Required action: Every line in the records below that holds "linetype" must be identified and copied.

+++ Given data +++

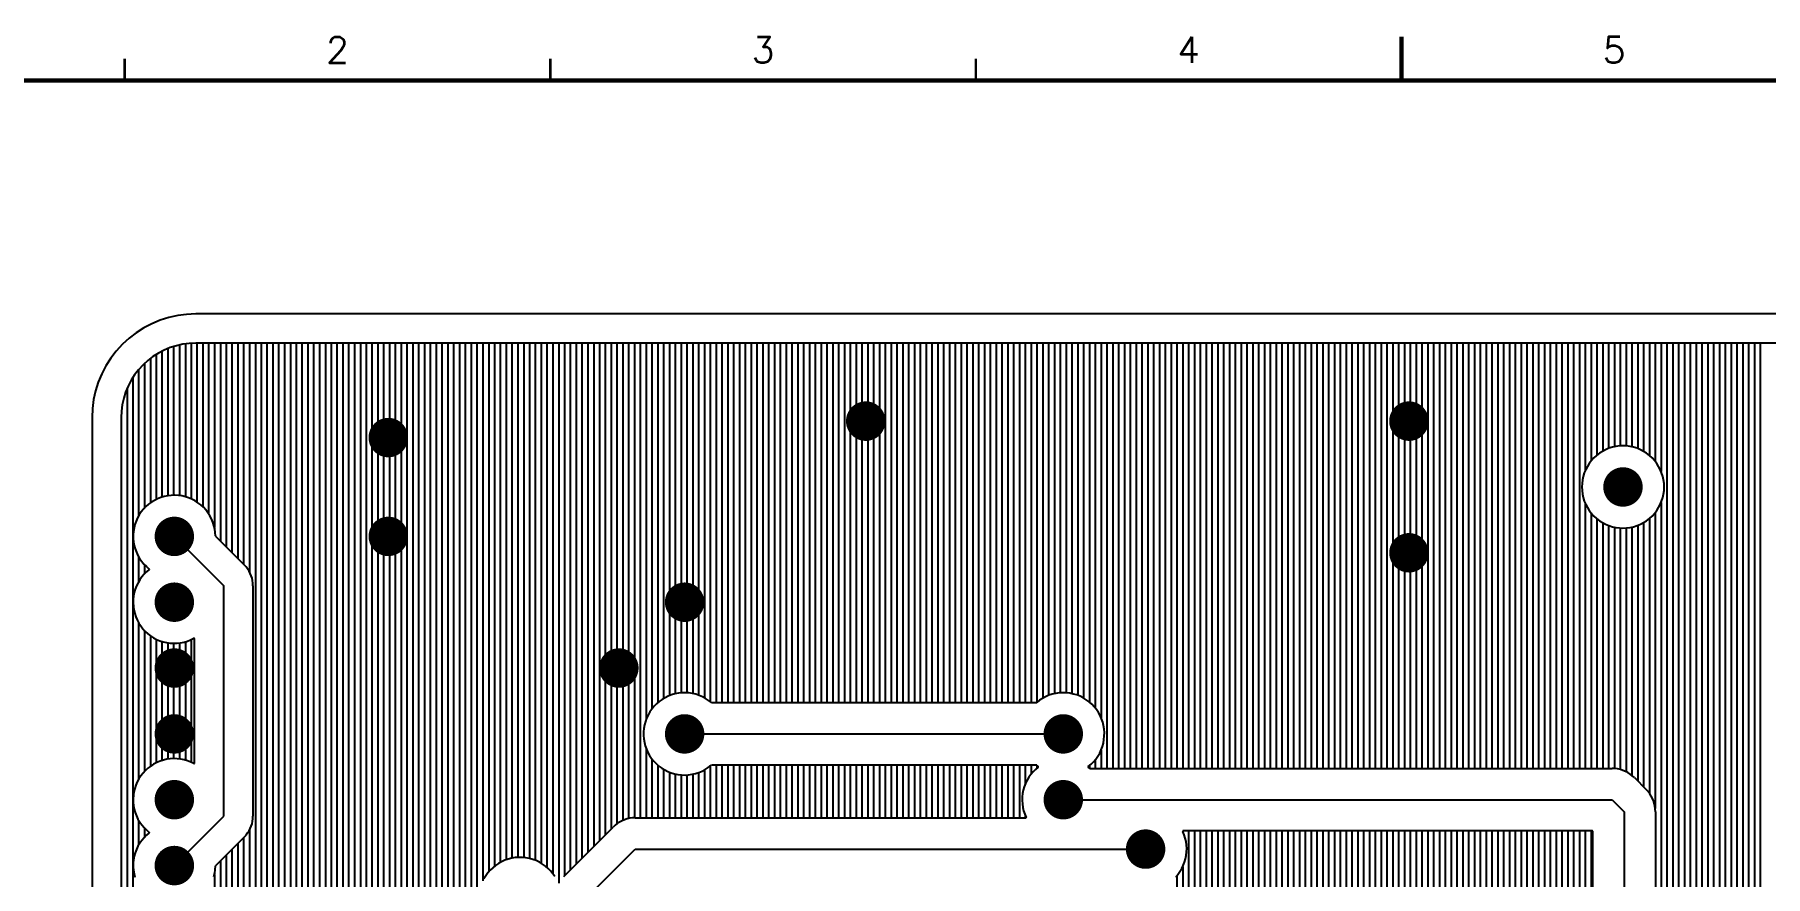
# Model space of a CAD drawing. Extents: x 295 to 953, y 10 to 290.
# Drawn here: x 530.4 to 728.7, y 193.8 to 290.2 of the extents above; entities that cross this region are included whole.
import ezdxf
from ezdxf.enums import TextEntityAlignment as Align

# ---------------------------------------------------------------- set-up
doc = ezdxf.new("R2010")
doc.units = 0
doc.header["$LTSCALE"] = 5
doc.header["$MEASUREMENT"] = 0
doc.layers.get('0').update_dxf_attribs({"linetype": 'CONTINUOUS', "lineweight": 25})
for name, color, linetype in [('ART004_PHO', 10, 'CONTINUOUS'), ('문자', 4, 'CONTINUOUS'), ('테두리', 3, 'CONTINUOUS')]:
    doc.layers.add(name, color=color, linetype=linetype)
doc.styles.get("Standard").update_dxf_attribs({"font": 'simplex.shx'})

# ---------------------------------------------------------------- blocks, each defined once
blk = doc.blocks.new('C')
at = {"layer": '테두리'}
for points, const_width in [([(210, 290), (210, 285)], 0.5), ([(63.75, 287.5), (63.75, 285)], 0.3), ([(112.5, 287.5), (112.5, 285)], 0.3), ([(161.25, 287.5), (161.25, 285)], 0.3), ([(15, 285), (15, 15), (405, 15), (405, 285), (15, 285)], 0.5)]:
    blk.add_lwpolyline(points, dxfattribs=dict(at, const_width=const_width))
at = {"layer": '문자'}
for s, p in [('2', (88.12, 288.5)), ('3', (136.88, 288.5)), ('4', (185.62, 288.5)), ('5', (234.38, 288.5))]:
    blk.add_text(s, height=3, dxfattribs=at).set_placement(p, align=Align.MIDDLE)

msp = doc.modelspace()

# ---------------------------------------------------------------- linework, layer by layer
at = {"const_width": 2.26}
for points in [[(625.62, 247.1, 1), (625.62, 244.83, 1)], [(687.85, 247.1, 1), (687.85, 244.83, 1)], [(570.92, 245.21, 1), (570.92, 242.95, 1)], [(712.37, 239.55, 1), (712.37, 237.29, 1)], [(546.41, 233.89, 1), (546.41, 231.63, 1)], [(570.92, 233.89, 1), (570.92, 231.63, 1)], [(687.85, 232.01, 1), (687.85, 229.75, 1)], [(546.41, 226.35, 1), (546.41, 224.09, 1)], [(604.87, 226.35, 1), (604.87, 224.09, 1)], [(546.41, 218.81, 1), (546.41, 216.54, 1)], [(597.33, 218.81, 1), (597.33, 216.54, 1)], [(546.41, 211.26, 1), (546.41, 209, 1)], [(604.87, 211.26, 1), (604.87, 209, 1)], [(648.25, 211.26, 1), (648.25, 209, 1)], [(546.41, 203.72, 1), (546.41, 201.46, 1)], [(648.25, 203.72, 1), (648.25, 201.46, 1)], [(657.68, 198.06, 1), (657.68, 195.8, 1)], [(546.41, 196.18, 1), (546.41, 193.91, 1)]]:
    msp.add_lwpolyline(points, format="xyb", close=True, dxfattribs=at)
at = {"layer": 'ART004_PHO', "color": 7}
for p, q in [((545.78, 257.84), (544.8, 257.53)), ((546.8, 258.07), (545.78, 257.84)), ((547.82, 258.2), (546.8, 258.07)), ((548.86, 258.25), (547.82, 258.2)), ((822.1, 258.25), (548.86, 258.25)), ((542.05, 256.1), (541.22, 255.47)), ((542.92, 256.66), (542.05, 256.1)), ((543.84, 257.13), (542.92, 256.66)), ((544.8, 257.53), (543.84, 257.13)), ((539.76, 254), (539.13, 253.18)), ((540.46, 254.77), (539.76, 254)), ((541.22, 255.47), (540.46, 254.77)), ((545.25, 254.11), (544.59, 253.76)), ((544.99, 253.98), (544.99, 237.26)), ((545.94, 254.39), (545.25, 254.11)), ((545.66, 254.28), (545.66, 237.42)), ((546.65, 254.61), (545.94, 254.39)), ((546.33, 254.52), (546.33, 237.48)), ((547.38, 254.78), (546.65, 254.61)), ((547, 254.7), (547, 237.44)), ((548.11, 254.87), (547.38, 254.78)), ((547.67, 254.82), (547.67, 237.3)), ((548.86, 254.9), (548.11, 254.87)), ((548.34, 254.89), (548.34, 237.06)), ((822.1, 254.9), (548.86, 254.9)), ((549, 254.9), (549, 236.7)), ((549.67, 254.9), (549.67, 236.16)), ((550.34, 254.9), (550.34, 235.36)), ((551.01, 254.9), (551.01, 233.78)), ((551.68, 254.9), (551.68, 232.24)), ((552.35, 254.9), (552.35, 231.57)), ((553.01, 254.9), (553.01, 230.9)), ((553.68, 254.9), (553.68, 230.23)), ((554.35, 254.9), (554.35, 229.57)), ((555.02, 254.9), (555.02, 228.7)), ((555.69, 254.9), (555.69, 83.39)), ((556.35, 254.9), (556.35, 83.39)), ((557.02, 254.9), (557.02, 83.39)), ((557.69, 254.9), (557.69, 83.39)), ((558.36, 254.9), (558.36, 83.39)), ((559.03, 254.9), (559.03, 83.39)), ((559.7, 254.9), (559.7, 83.39)), ((560.36, 254.9), (560.36, 83.39)), ((561.03, 254.9), (561.03, 83.39)), ((561.7, 254.9), (561.7, 83.39)), ((562.37, 254.9), (562.37, 83.39)), ((563.04, 254.9), (563.04, 83.39)), ((563.71, 254.9), (563.71, 83.39)), ((564.37, 254.9), (564.37, 83.39)), ((565.04, 254.9), (565.04, 83.39)), ((565.71, 254.9), (565.71, 83.39)), ((566.38, 254.9), (566.38, 83.39)), ((567.05, 254.9), (567.05, 83.39)), ((567.72, 254.9), (567.72, 83.39)), ((568.38, 254.9), (568.38, 83.39)), ((569.05, 254.9), (569.05, 83.39)), ((569.72, 254.9), (569.72, 83.39)), ((570.39, 254.9), (570.39, 83.39)), ((571.06, 254.9), (571.06, 83.39)), ((571.72, 254.9), (571.72, 83.39)), ((572.39, 254.9), (572.39, 83.39)), ((573.06, 254.9), (573.06, 83.39)), ((573.73, 254.9), (573.73, 83.39)), ((574.4, 254.9), (574.4, 83.39)), ((575.07, 254.9), (575.07, 83.39)), ((575.73, 254.9), (575.73, 83.39)), ((576.4, 254.9), (576.4, 83.39)), ((577.07, 254.9), (577.07, 83.39)), ((577.74, 254.9), (577.74, 83.39)), ((578.41, 254.9), (578.41, 83.39)), ((579.08, 254.9), (579.08, 83.39)), ((579.74, 254.9), (579.74, 83.39)), ((580.41, 254.9), (580.41, 83.39)), ((581.08, 254.9), (581.08, 83.39)), ((581.75, 254.9), (581.75, 193.28)), ((582.42, 254.9), (582.42, 194.32)), ((583.08, 254.9), (583.08, 194.97)), ((583.75, 254.9), (583.75, 195.41)), ((584.42, 254.9), (584.42, 195.71)), ((585.09, 254.9), (585.09, 195.89)), ((585.76, 254.9), (585.76, 195.98)), ((586.43, 254.9), (586.43, 195.97)), ((587.09, 254.9), (587.09, 195.86)), ((587.76, 254.9), (587.76, 195.65)), ((588.43, 254.9), (588.43, 195.32)), ((589.1, 254.9), (589.1, 194.83)), ((589.77, 254.9), (589.77, 194.12)), ((590.44, 254.9), (590.44, 193.04)), ((591.1, 254.9), (591.1, 193.89)), ((591.77, 254.9), (591.77, 194.55)), ((592.44, 254.9), (592.44, 195.22)), ((593.11, 254.9), (593.11, 195.89)), ((593.78, 254.9), (593.78, 196.56)), ((594.45, 254.9), (594.45, 197.23)), ((595.11, 254.9), (595.11, 197.9)), ((595.78, 254.9), (595.78, 198.56)), ((596.45, 254.9), (596.45, 199.23)), ((597.12, 254.9), (597.12, 199.83)), ((597.79, 254.9), (597.79, 200.22)), ((598.45, 254.9), (598.45, 200.43)), ((599.12, 254.9), (599.12, 200.51)), ((599.79, 254.9), (599.79, 200.51)), ((600.46, 254.9), (600.46, 211.79)), ((601.13, 254.9), (601.13, 212.99)), ((601.8, 254.9), (601.8, 213.7)), ((602.46, 254.9), (602.46, 214.18)), ((603.13, 254.9), (603.13, 214.51)), ((603.8, 254.9), (603.8, 214.72)), ((604.47, 254.9), (604.47, 214.83)), ((605.14, 254.9), (605.14, 214.84)), ((605.81, 254.9), (605.81, 214.75)), ((606.47, 254.9), (606.47, 214.56)), ((607.14, 254.9), (607.14, 214.26)), ((607.81, 254.9), (607.81, 213.82)), ((608.48, 254.9), (608.48, 213.71)), ((609.15, 254.9), (609.15, 213.71)), ((609.81, 254.9), (609.81, 213.71)), ((610.48, 254.9), (610.48, 213.71)), ((611.15, 254.9), (611.15, 213.71)), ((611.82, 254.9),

+++

Task result:
doc.layers.get('0').update_dxf_attribs({"linetype": 'CONTINUOUS', "lineweight": 25})
for name, color, linetype in [('ART004_PHO', 10, 'CONTINUOUS'), ('문자', 4, 'CONTINUOUS'), ('테두리', 3, 'CONTINUOUS')]:
    doc.layers.add(name, color=color, linetype=linetype)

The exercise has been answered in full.